[RECORDED DATA — start]
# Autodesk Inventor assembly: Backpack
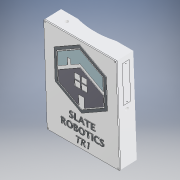
[picture p0: Inventor's stored thumbnail of the model, 180x180]
Saved by Autodesk Inventor 2017 SP1 (Build 210196100, 196)
## iProperties
Created: 2017-09-05
Part Number: Backpack
Document SubType Name: Assembly
Designer: Zach
Author: Zach
## Documents named in this file (7)
- C:\Users\Zach\Documents\GitHub\tr1\src\Body\Chest Assembly\Backpack Assembly\Backpack.iam
- C:\Users\Zach\Documents\GitHub\tr1\src\Body\Chest Assembly\Backpack Assembly\BP001b.ipt
- C:\Users\Zach\Documents\GitHub\tr1\src\Body\Chest Assembly\Backpack Assembly\BP002b.ipt
- C:\Users\Zach\Documents\GitHub\tr1\src\Body\Chest Assembly\Backpack Assembly\BP003.ipt
- C:\Users\Zach\Documents\GitHub\tr1\src\Body\Chest Assembly\Backpack Assembly\BP004.ipt
- C:\Users\Zach\Documents\GitHub\tr1\src\Body\Chest Assembly\Backpack Assembly\BP005.ipt
- C:\Users\Zach\Documents\GitHub\tr1\src\Body\Chest Assembly\Backpack Assembly\BP006.ipt
## Components (7 placed, 6 different names)
1. BP001b:1 — Mate:1, Mate:2, Mate:3, Mate:5, Mate:6, Mate:7, Mate:8, Mate:9, Mate:11, Mate:13, Mate:14, Mate:15, Mate:16, Mate:17, Mate:18, Mate:19, Mate:20, Mate:21
2. BP002b:1 — Mate:1, Mate:2, Mate:3
3. BP003:1 — Mate:14, Mate:15, Mate:16
4. BP004:1 — Mate:5, Mate:6, Mate:7
5. BP005:1 — Mate:8, Mate:9, Mate:20
6. BP006:1 — Mate:11, Mate:13, Mate:21
7. BP003:2 — Mate:17, Mate:18, Mate:19
## Relationships (18: Mate 18)
- Mate:1: BP001b:1 ↔ BP002b:1
- Mate:2: BP001b:1 ↔ BP002b:1
- Mate:3: BP001b:1 ↔ BP002b:1
- Mate:5: BP001b:1 ↔ BP004:1
- Mate:6: BP001b:1 ↔ BP004:1
- Mate:7: BP001b:1 ↔ BP004:1
- Mate:8: BP001b:1 ↔ BP005:1
- Mate:9: BP001b:1 ↔ BP005:1
- Mate:11: BP001b:1 ↔ BP006:1
- Mate:13: BP001b:1 ↔ BP006:1
- Mate:14: BP001b:1 ↔ BP003:1
- Mate:15: BP001b:1 ↔ BP003:1
- Mate:16: BP001b:1 ↔ BP003:1
- Mate:17: BP001b:1 ↔ BP003:2
- Mate:18: BP001b:1 ↔ BP003:2
- Mate:19: BP001b:1 ↔ BP003:2
- Mate:20: BP001b:1 ↔ BP005:1
- Mate:21: BP001b:1 ↔ BP006:1
[RECORDED DATA — finish]
EXERCISE REQUIREMENTS -
Everything from the line containing "- Mate:13: BP001b:1 ↔ BP006:1" to the end of the listing above must be returned exactly. Both end lines belong in it.

ANSWER TO THIS EXERCISE -
- Mate:13: BP001b:1 ↔ BP006:1
- Mate:14: BP001b:1 ↔ BP003:1
- Mate:15: BP001b:1 ↔ BP003:1
- Mate:16: BP001b:1 ↔ BP003:1
- Mate:17: BP001b:1 ↔ BP003:2
- Mate:18: BP001b:1 ↔ BP003:2
- Mate:19: BP001b:1 ↔ BP003:2
- Mate:20: BP001b:1 ↔ BP005:1
- Mate:21: BP001b:1 ↔ BP006:1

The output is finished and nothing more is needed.